Man kann der Kreisfreiheit auch wohlwollend gegenüberstehen. Der Kardinalfehler von Gerold Noerenberg war, dass er beim Nuxit andere vorgeschoben, es aber von Anfang an zur Chefsache gemacht und auf Sieg gespielt hat. Komme, was wolle! Ein Bürgervotum sollte nie kommen, denn das Thema sei für die Wähler viel zu komplex. Bei den Bürgern ist angekommen, dass sie dafür zu dumm seien. Das war einer der Gründe, warum mehr als 3300 Menschen fürs Bürgerbegehren sind.

Trübe Aussichten

Dabei hätte es der OB sehr viel einfacher haben können. Er hätte den Bürgern früh die Idee der Kreisfreiheit erklären und dafür werben können. Vor dem formellen Stellen des Antrags beim Freistaat hätte er den Bürgern auch souverän das letzte Wort erteilen können, nach dem Motto: „Sind Sie dafür, dass wir diesen Weg gehen?“  Die Erfolgsaussichten wären groß gewesen, auch wenn einige grundsätzlich dagegen sind. Jetzt ist das Klima im Stadtrat, das seit Jahren wegen Noerenbergs ewiger Rechthaberei angespannt ist, vollends vergiftet.

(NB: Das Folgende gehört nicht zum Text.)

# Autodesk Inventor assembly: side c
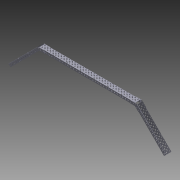
[picture p0: Inventor's stored thumbnail of the model, 180x180]
Saved by Autodesk Inventor 2015 (Build 190159000, 159)
## iProperties
Created: 2015-09-05
Part Number: side c
Document SubType Name: Assembly
Designer: myps3_000
Author: myps3_000
## Documents named in this file (4)
- C:\Users\myps3_000\Desktop\dev\vex\custome\side c.iam
- C:\Users\myps3_000\Desktop\dev\vex\Metal\C-Channels\C-Channel 1x2x1x35.ipt
- C:\Users\myps3_000\Desktop\dev\vex\Metal\Gussets\45 Degree Gusset.ipt
- C:\Users\myps3_000\Desktop\dev\vex\Metal\C-Channels\C-Channel 1x2x1x15.ipt
## Components (7 placed, 3 different names)
1. C-Channel 1x2x1x35:2 — Insert:1, Insert:2, Insert:5, Insert:6, Insert:7, Insert:8, Insert:11
2. 45 Degree Gusset:2 — Insert:1, Insert:2, Insert:3, Insert:4
3. 45 Degree Gusset:8 — Insert:5, Insert:6
4. 45 Degree Gusset:9 — Insert:7, Insert:8, Insert:9, Insert:10
5. 45 Degree Gusset:10 — Insert:11, Insert:12
6. C-Channel 1x2x1x15:1 — Insert:9, Insert:10, Insert:12
7. C-Channel 1x2x1x15:4 — Insert:3, Insert:4
## Relationships (12: Insert 12)
- Insert:1: C-Channel 1x2x1x35:2 ↔ 45 Degree Gusset:2
- Insert:2: C-Channel 1x2x1x35:2 ↔ 45 Degree Gusset:2
- Insert:3: 45 Degree Gusset:2 ↔ C-Channel 1x2x1x15:4
- Insert:4: 45 Degree Gusset:2 ↔ C-Channel 1x2x1x15:4
- Insert:5: C-Channel 1x2x1x35:2 ↔ 45 Degree Gusset:8
- Insert:6: C-Channel 1x2x1x35:2 ↔ 45 Degree Gusset:8
- Insert:7: C-Channel 1x2x1x35:2 ↔ 45 Degree Gusset:9
- Insert:8: C-Channel 1x2x1x35:2 ↔ 45 Degree Gusset:9
- Insert:9: 45 Degree Gusset:9 ↔ C-Channel 1x2x1x15:1
- Insert:10: 45 Degree Gusset:9 ↔ C-Channel 1x2x1x15:1
- Insert:11: C-Channel 1x2x1x35:2 ↔ 45 Degree Gusset:10
- Insert:12: 45 Degree Gusset:10 ↔ C-Channel 1x2x1x15:1
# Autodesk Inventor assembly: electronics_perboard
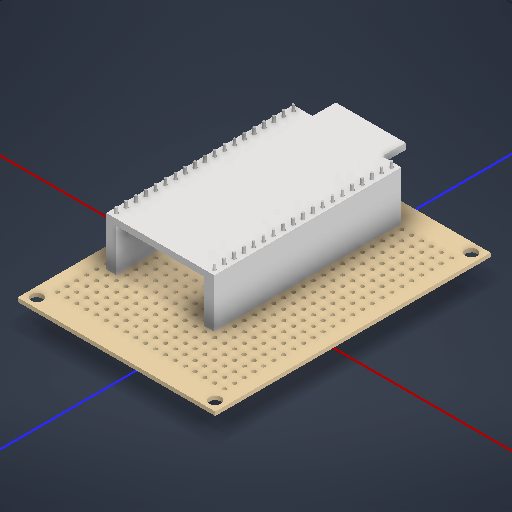
[picture p0: Inventor's stored thumbnail of the model, 512x512]
Saved by Autodesk Inventor 2025.2 (Build 292293000, 293)
## iProperties
Created: 2025-11-15
Part Number: electronics_perboard
Document SubType Name: Assembly
Designer: sam
Author: sam
## Documents named in this file (4)
- G:\projects\primary\auto-water-distribution-system\model\asm\module-command\electronics-command_perfboard.iam
- G:\projects\primary\auto-water-distribution-system\model\asm\general\perfboard-71x51x1.ipt
- G:\projects\primary\auto-water-distribution-system\model\asm\module-command\electronic-components\esp32-devkitc-v4.iam
- G:\projects\primary\auto-water-distribution-system\model\asm\general\pin-header-female.ipt
## Components (40 placed, 3 different names)
1. perfboard-71x51x1:1 — Mate:1, Mate:2, Mate:3
2. esp32-devkitc-v4:1 [sub-assembly] — Mate:4, Mate:5, Mate:6, Mate:7, Mate:8, Mate:9
3. pin-header-female:1 — Mate:2, Mate:3, Mate:5, Mate:6
4. pin-header-female:2
5. pin-header-female:3
6. pin-header-female:4
7. pin-header-female:5
8. pin-header-female:6
9. pin-header-female:7
10. pin-header-female:8
11. pin-header-female:9
12. pin-header-female:10
13. pin-header-female:11
14. pin-header-female:12
15. pin-header-female:13
16. pin-header-female:14
17. pin-header-female:15
18. pin-header-female:16
19. pin-header-female:17
20. pin-header-female:18
21. pin-header-female:19 — Mate:1, Mate:4
22. pin-header-female:20 — Mate:7, Mate:9
23. pin-header-female:21
24. pin-header-female:22
25. pin-header-female:23
26. pin-header-female:24
27. pin-header-female:25
28. pin-header-female:26
29. pin-header-female:27
30. pin-header-female:28
31. pin-header-female:29
32. pin-header-female:30
33. pin-header-female:31
34. pin-header-female:32
35. pin-header-female:33
36. pin-header-female:34
37. pin-header-female:35
38. pin-header-female:36
39. pin-header-female:37
40. pin-header-female:38 — Mate:8
## Component patterns: (19 elements, first: pin-header-female:1), (19 elements, first: pin-header-female:20)
## Relationships (9: Mate 9)
- Mate:1: perfboard-71x51x1:1 ↔ pin-header-female:19
- Mate:2: perfboard-71x51x1:1 ↔ pin-header-female:1
- Mate:3: perfboard-71x51x1:1 ↔ pin-header-female:1
- Mate:4: esp32-devkitc-v4:1 ↔ pin-header-female:19
- Mate:5: esp32-devkitc-v4:1 ↔ pin-header-female:1
- Mate:6: esp32-devkitc-v4:1 ↔ pin-header-female:1
- Mate:7: esp32-devkitc-v4:1 ↔ pin-header-female:20
- Mate:8: esp32-devkitc-v4:1 ↔ pin-header-female:38
- Mate:9: esp32-devkitc-v4:1 ↔ pin-header-female:20

Keine guten Aussichten fürs Jubiläumsjahr 2019, in dem Neu-Ulm die Stadterhebung vor 150 Jahren feiern will. Und erst recht keine Perspektive für die Kommunalwahl in zwei Jahren. Der Stadt würde ein Neustart gut tun – ganz oben an der Spitze und auch in der Breite des Stadtrats.